East Africa-focused development firm Rainbow Rare Earths has acquired ten new mining claims covering a total of 12.6km² in Northern Zimbabwe.
Rainbow noted that the acquisition is part of the company’s strategy to augment its rare-earth portfolio.
The ten properties acquired by the company have previously been explored for phosphate and cover, either wholly or in part, known ‘carbonatite type’ bodies.
Rainbow Rare Earths has acquired these licences through its wholly-owned subsidiary Rainbow Zimbabwe, which will hold 100% of the licences, with no free-carried interest for the government.
The company said that the acquisition aligns with the recent changes to the legal framework covering mining in Zimbabwe.
Rainbow Rare Earths will immediately begin an exploration programme on the claims including geological mapping, sampling and assaying to conclude an interpretation report that will evaluate the new claims for rare earth elements
Rainbow Rare Earths CEO George Bennet said: “With our strategic intent for our licenses in Burundi well on track, the company stabilised, I believe this is a great opportunity to diversify the portfolio, with low risk and minimal capital outlay.”
As per the geological features of the country, Zimbabwe is well known for hosting a large number of minerals, including gold, coal, battery metals, platinum group metals (PGM) and chrome resources.

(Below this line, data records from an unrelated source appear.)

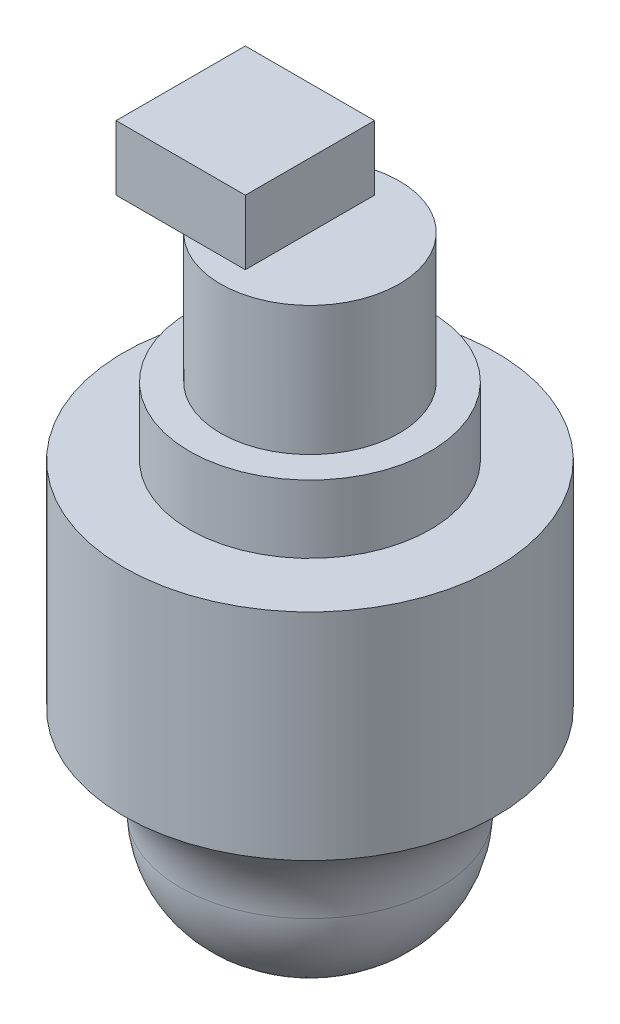
SolidWorks part; units mm, degrees
ref_plane "Front Plane" through (0, 0, 0) normal (0, 0, 1) x (1, 0, 0)
ref_plane "Top Plane" through (0, 0, 0) normal (0, 1, 0) x (1, 0, 0)
ref_plane "Right Plane" through (0, 0, 0) normal (1, 0, 0) x (0, 0, -1)
sketch "Sketch1" plane through (0, 0, 0) normal (0, 1, 0) x (1, 0, 0)
  circle A0 centre (0, 0) radius 21.971
  dimension "D1" = 43.942
extrude "Boss-Extrude1" add sketch "Sketch1" along normal blind 25.4
sketch "Sketch2" plane through (0, 25.4, 0) normal (0, 1, 0) x (1, 0, 0)
  circle A0 centre (0, 0) radius 14.224
  dimension "D1" = 28.448
extrude "Boss-Extrude2" add sketch "Sketch2" along normal blind 8.001
sketch "Sketch3" plane through (0, 33.401, 0) normal (0, 1, 0) x (1, 0, 0)
  circle A0 centre (0, 0) radius 10.541
  dimension "D1" = 21.082
extrude "Boss-Extrude3" add sketch "Sketch3" along normal blind 15.24
sketch "Sketch4" plane through (0, 48.641, 0) normal (0, 1, 0) x (1, 0, 0)
  line L1 (0, 0) -> (-15.24, 0)
  line L2 (0, 0) -> (0, 7.62)
  line L3 (0, 7.62) -> (-15.24, 7.62)
  line L4 (-15.24, 0) -> (-15.24, 7.62)
  line L5 (0, 0) -> (-15.24, 0)
  line L6 (0, 0) -> (0, -7.62)
  line L7 (0, -7.62) -> (-15.24, -7.62)
  line L8 (-15.24, 0) -> (-15.24, -7.62)
  dimension "D1" = 7.62
  dimension "D2" = 15.24
  dimension "D3" = 7.62
extrude "Boss-Extrude4" add sketch "Sketch4" along normal blind 7.62 contours L4 L3 L2 L6 L7 L8
sketch "Sketch5" plane through (0, 0, 0) normal (0, -1, 0) x (1, 0, 0)
  circle A0 centre (0, 0) radius 15.24
  dimension "D1" = 30.48
extrude "Boss-Extrude5" add sketch "Sketch5" along normal blind 22.86
fillet "Fillet1" radius 12.7 1 edges at (0, 0, 15.24)
fillet "Fillet2" radius 12.7 1 edges at (0, -22.86, -15.24)
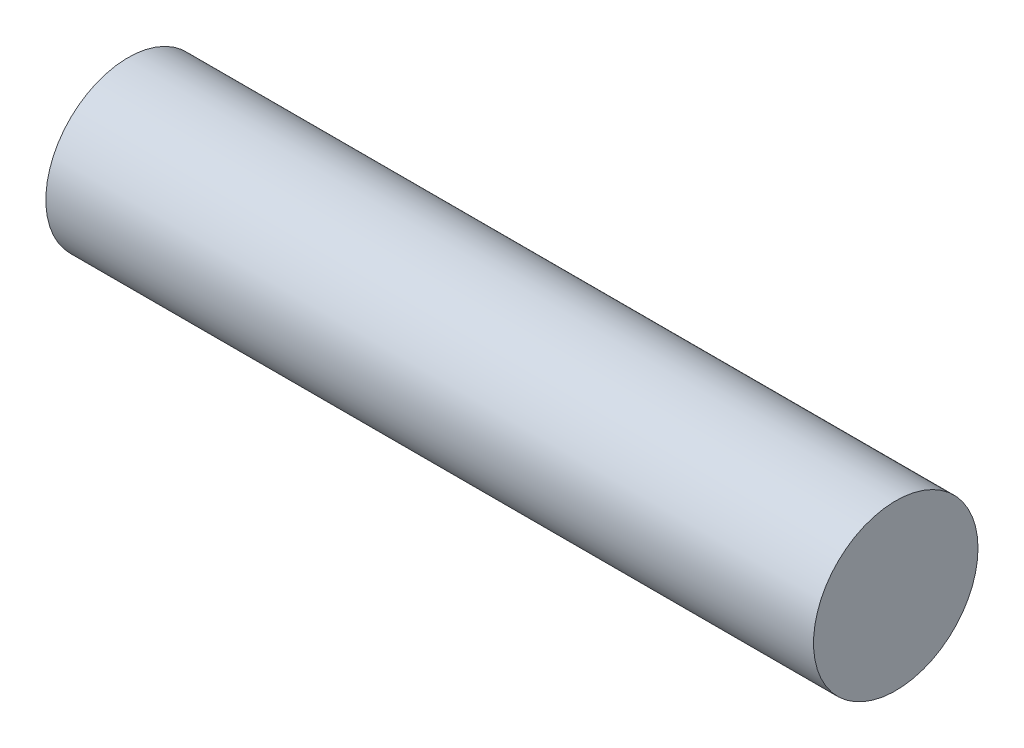
SolidWorks part; units mm, degrees
ref_plane "Front Plane" through (0, 0, 0) normal (0, 0, 1) x (1, 0, 0)
ref_plane "Top Plane" through (0, 0, 0) normal (0, 1, 0) x (1, 0, 0)
ref_plane "Right Plane" through (0, 0, 0) normal (1, 0, 0) x (0, 0, -1)
sketch "Sketch1" plane through (0, 0, 0) normal (1, 0, 0) x (0, 0, -1)
  circle A0 centre (0, 0) radius 9.525
  dimension "D1" = 19.05
extrude "Boss-Extrude1" add sketch "Sketch1" along normal blind 88.9

It has the second largest PGM and chrome resources worldwide.
The company, which started rare earth concentrates production in the fourth quarter of 2017, signed a ten-year distribution and offtake agreement with ThyssenKrupp Materials Trading for the sale of at least 5,000tpa of concentrate produced.
In May last year, the company discovered significant REE mineralisation during its ongoing maiden drilling campaign at the Gakara rare earths project in Burundi.